Hodgkin lymphoma is typically characterized by the presence of abnormal cells called Reed-Sternberg cells. However, the presence of these cells alone does not mean that an individual has Hodgkin lymphoma. To confirm a diagnosis, the lymphatic tissue sample that contains Reed-Sternberg cells must also be surrounded by a background of other cells and features that are characteristic of Hodgkin lymphoma.

Hodgkin lymphoma is not contagious and the patient does not pose a risk to others in any way. Many sources point out that the diagnosis and treatment of Hodgkin has improved remarkably in recent years. Hodgkin now has a high survival rate.

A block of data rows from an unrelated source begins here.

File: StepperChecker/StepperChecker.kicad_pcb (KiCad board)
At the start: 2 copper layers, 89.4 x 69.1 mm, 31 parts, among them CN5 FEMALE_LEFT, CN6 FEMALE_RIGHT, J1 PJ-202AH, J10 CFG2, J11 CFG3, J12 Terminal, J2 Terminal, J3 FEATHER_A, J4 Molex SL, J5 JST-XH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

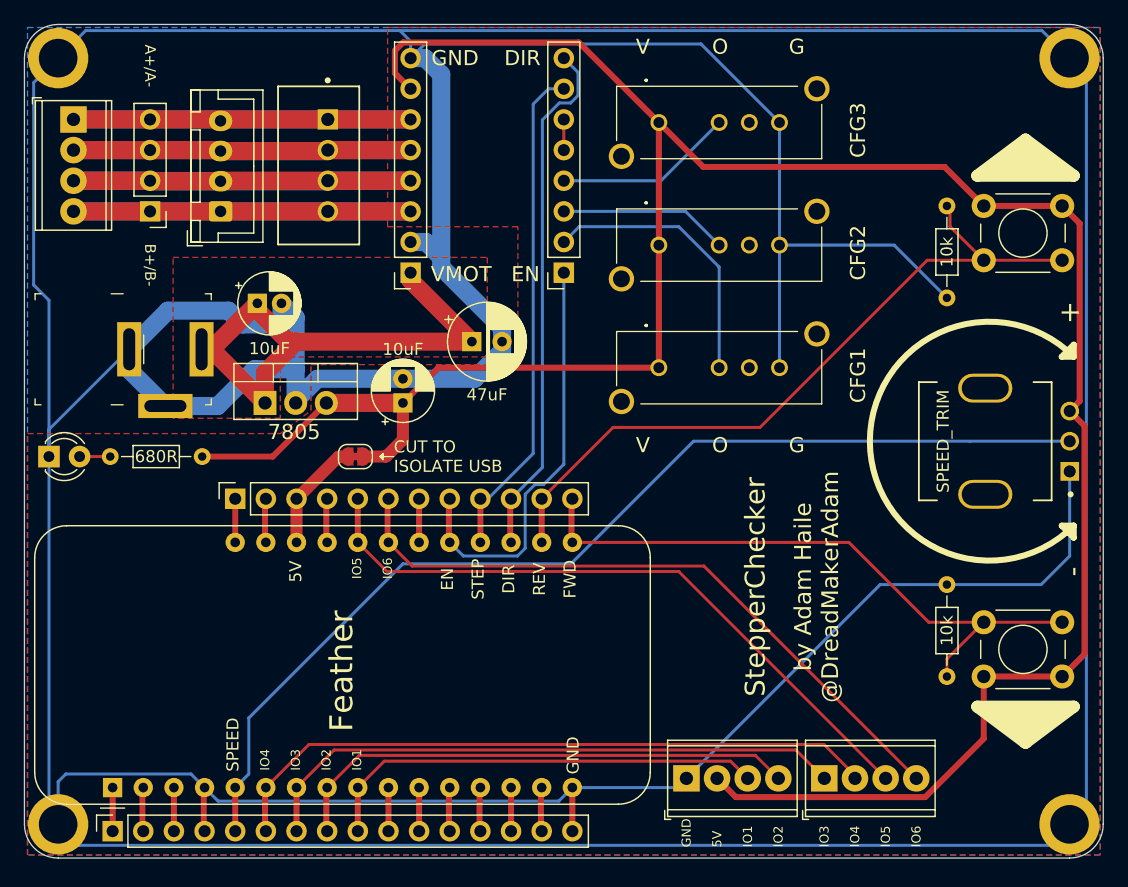
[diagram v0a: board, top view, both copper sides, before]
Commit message: Add Recom and jumpers
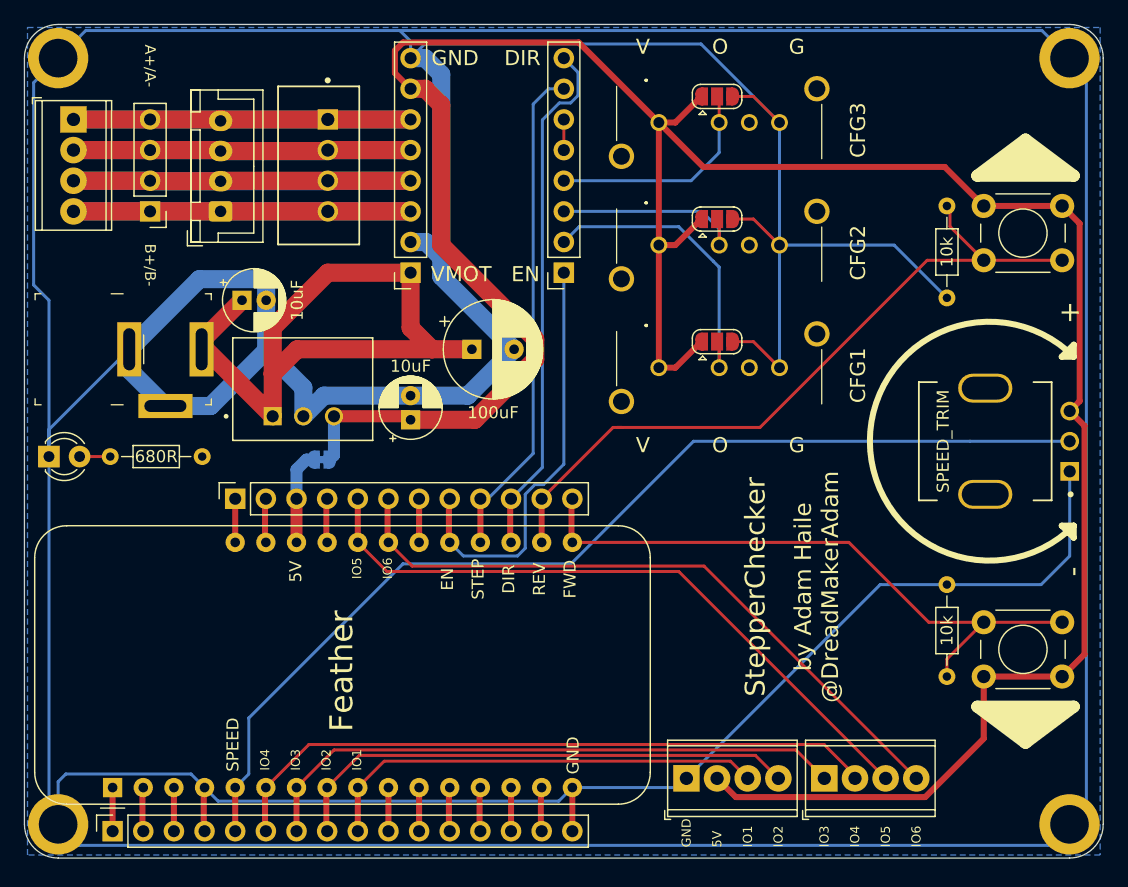
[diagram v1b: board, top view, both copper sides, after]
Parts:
- added JP1: CFG1, Jumper:SolderJumper-3_P1.3mm_Open_RoundedPad1.0x1.5mm, F.Cu at (152.4, 61.6)
- added JP3: CFG2, Jumper:SolderJumper-3_P1.3mm_Open_RoundedPad1.0x1.5mm, F.Cu at (152.4, 51.4)
- added JP4: CFG3, Jumper:SolderJumper-3_P1.3mm_Open_RoundedPad1.0x1.5mm, F.Cu at (152.4, 41.3)
- C3: value 47uF -> 100uF; footprint Capacitor_THT:CP_Radial_D6.3mm_P2.50mm -> Capacitor_THT:CP_Radial_D8.0mm_P3.50mm
- JP2: moved to B.Cu
- U2: value LM7805_TO220 -> R-78E5.0-1.0; footprint Package_TO_SOT_THT:TO-220-3_Vertical -> R-78E5.0-1:CONV_R-78E5.0-1.0
- moved U2 3.37 mm to (118.1, 65.5)
- moved JP2 2.81 mm to (119.6, 71.4)
- moved C2 1.53 mm to (127.0, 68.1)
- moved C1 1.30 mm to (113.0, 58.2)
- moved C3 0.63 mm to (132.1, 62.2)
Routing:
- net 5V: track 210.6 -> 226.1 mm
- net GND: track 589.0 -> 604.0 mm
- net VIN: track 45.9 -> 58.7 mm
- net /StepDriverX/CFG3: track 14.9 -> 18.6 mm
- net /StepDriverX/CFG2: track 14.0 -> 17.1 mm
- net /StepDriverX/CFG1: track 23.1 -> 25.4 mm
- net Net-(J8-Pad3): track 12.5 -> 11.0 mm
- removed copper zone on F.Cu, net 5V
- removed copper zone on F.Cu, net VIN
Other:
- board text removed: "7805"

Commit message: Fix missing traces and fill
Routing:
- net 5V: track 226.1 -> 240.0 mm
- added copper zone on F.Cu, net 5V
- added copper zone on F.Cu, net VIN
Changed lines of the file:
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@@
     (thickness 1.6)
     (drawings 99)
-    (tracks 306)
+    (tracks 309)
     (zones 0)
     (modules 34)
@@
   (page A4)
   (layers
-    (0 F.Cu signal)
-    (31 B.Cu signal)
+    (0 F.Cu signal hide)
+    (31 B.Cu signal hide)
     (32 B.Adhes user)
     (33 F.Adhes user)
@@
   (segment (start 148.941 63.754) (end 151.1 61.595) (width 0.5) (layer F.Cu) (net 2))
   (segment (start 147.574 63.754) (end 148.941 63.754) (width 0.5) (layer F.Cu) (net 2))
+  (segment (start 109.728 71.12) (end 120.015 71.12) (width 0.5) (layer F.Cu) (net 2))
+  (segment (start 120.65 70.485) (end 120.65 67.782) (width 0.5) (layer F.Cu) (net 2))
+  (segment (start 120.015 71.12) (end 120.65 70.485) (width 0.5) (layer F.Cu) (net 2))
   (segment (start 152.574 61.769) (end 152.4 61.595) (width 0.25) (layer F.Cu) (net 3))
   (segment (start 152.574 63.754) (end 152.574 61.769) (width 0.25) (layer F.Cu) (net 3))
@@
     (connect_pads (clearance 0.508))
     (min_thickness 0.254)
-    (fill (arc_segments 32) (thermal_gap 0.508) (thermal_bridge_width 0.508))
+    (fill yes (arc_segments 32) (thermal_gap 0.508) (thermal_bridge_width 0.508))
     (polygon
       (pts
@@
       )
     )
+  )
+  (zone (net 8) (net_name VIN) (layer F.Cu) (hatch edge 0.508)
+    (connect_pads (clearance 0.508))
+    (min_thickness 0.254)
+    (fill yes (arc_segments 32) (thermal_gap 0.508) (thermal_bridge_width 0.508))
+    (polygon
+      (pts
+        (xy 133.985 64.77) (xy 116.84 64.77) (xy 116.84 69.215) (xy 106.68 69.215) (xy 106.68 54.61)
+        (xy 133.985 54.61)
+      )
+    )
+  )
+  (zone (net 2) (net_name 5V) (layer F.Cu) (hatch edge 0.508)
+    (connect_pads (clearance 0.508))
+    (min_thickness 0.254)
+    (fill yes (arc_segments 32) (thermal_gap 0.508) (thermal_bridge_width 0.508))
+    (polygon
+      (pts
+        (xy 184.15 104.14) (xy 95.25 104.775) (xy 95.25 69.85) (xy 119.38 69.85) (xy 119.38 66.04)
+        (xy 135.255 66.04) (xy 135.255 53.34) (xy 124.46 53.34) (xy 124.46 35.56) (xy 184.15 35.56)
+      )
+    )

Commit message: updated labels
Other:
- board text added: "12-24V"
- board text added: "A+ A- B+ B-"
- board text added: "Choose One: R-78E5.0 TSR 1-2450 LM7805"
- board text added: "STEPSTICK"
- board text removed: "A+/A-"
- board text removed: "B+/B-"

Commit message: Minor board tweaks
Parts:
- JP2: value SolderJumper_2_Bridged -> SolderJumper_2_Open; footprint Jumper:SolderJumper-2_P1.3mm_Bridged_RoundedPad1.0x1.5mm -> Jumper:SolderJumper-2_P1.3mm_Open_RoundedPad1.0x1.5mm
- U2: footprint R-78E5.0-1:CONV_R-78E5.0-1.0 -> CONV_R-78E5.0-1.0
- moved J10 0.43 mm to (148.0, 53.6)
- moved J11 0.43 mm to (148.0, 43.4)
- moved J9 0.43 mm to (148.0, 63.8)
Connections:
- J3 pad 2: Net-(J3-Pad2) -> 3.3V
- U3 pad 2: Net-(J3-Pad2) -> 3.3V
- VR1 pad 3: 5V -> 3.3V
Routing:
- net 3.3V: track 0.00 -> 110.5 mm
- net 5V: track 240.0 -> 235.2 mm
- net Net-(J3-Pad2): track 3.64 -> 0.00 mm
- net GND: track 604.0 -> 605.9 mm
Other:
- board text added: "JUMP TO POWER FEATHER FROM ONBOARD 5V"
- board text removed: "CUT TO ISOLATE USB"

How Common is Hodgkin Lymphoma?

Hodgkin lymphoma is a relatively rare cancer. It accounts for around 0.5 % of all cancers and 15 % of all lymphomas diagnosed. Each year in Canada, approximately 900 people are diagnosed with Hodgkin lymphoma. Hodgkin lymphoma occurs more frequently in males than females in the primary age categories of young adults (15 to 39 years) and late adulthood (after 55 years). Brothers and sisters of Hodgkin lymphoma patients have an above-average chance of developing this cancer but the significance of the family relationship as the primary cause is not known.

What are the Risk Factors for Hodgkin Lymphoma?

The risk factors that relate to other cancers such as diet, smoking and unprotected sun or pesticide exposure are not related to Hodgkin lymphoma. There are, in fact, very few risk factors directly connected to the development of Hodgkin lymphoma.

No one knows exactly what causes Hodgkin lymphoma. The Epstein-Barr virus (EBV), which causes mononucleosis, may be linked to an increase in the risk of developing Hodgkin lymphoma. EBV is a virus that infects B-lymphocytes, causing them to grow and live longer. If the body’s T-cell production is compromised, then the B-cells continue to accumulate, increasing the chance for the disease to develop. However, more than half of all Hodgkin lymphoma patients have no evidence of a previous EBV infection so a definitive relationship is still unclear.

In most cases, people who are diagnosed with Hodgkin lymphoma have no family history of the disease. There have been some cases, however, where a brother or sister also develops Hodgkin lymphoma but the significance of the family relationship as the primary cause is not known.

How does Hodgkin Lymphoma Develop?

Hodgkin lymphoma is a cancer of abnormal lymphocytes (a type of white blood cell) that infiltrates and affects the lymph nodes. Lymph tissues are connected throughout the body, providing a route for cancerous lymphocytes to travel. As a result, Hodgkin lymphoma often spreads from one lymph node to another throughout the body. Unlike other lymphomas, Hodgkin lymphoma will more often spread from one lymph node to the next in sequence, rarely skipping areas (which is more common in NHL). Hodgkin lymphoma can also spread to other areas and organs outside the lymph system.

Prognosis of Hodgkin Lymphoma

Hodgkin lymphoma and NHL are described according to the same staging system. The stage of the cancer depends on the extent to which it has spread in the body. In stages I and II, the cancer is limited to one or two areas of the body (early stage). In stages III and IV, the cancer is more widespread (advanced stage).

In addition to stage, you may also hear the letters ‘A’ and ‘B’ used to describe the stage of Hodgkin lymphoma that you have. ‘B’ means you have one or more of the following symptoms: weight loss, night sweats or fevers. ‘A’ means you do not.

There is an International Prognostic Score for Hodgkin lymphoma based on the results of various tests as well as your age and the stage of your disease. Your doctor will interpret all of these factors and give you this information if you wish.

Relapsed Hodgkin Lymphoma

Finding out that your cancer has come back or relapsed can be devastating. If relapse does occur, there are usually ways of getting it back under control. These might involve using more chemotherapy or using more intensive or high-dose chemotherapy followed by a stem-cell transplant. There may still be curative options available to you. However, if your cancer is thought to be non-curable, chemotherapy and radiation may still be used to slow the growth of the cancer, prevent spreading and relieve symptoms.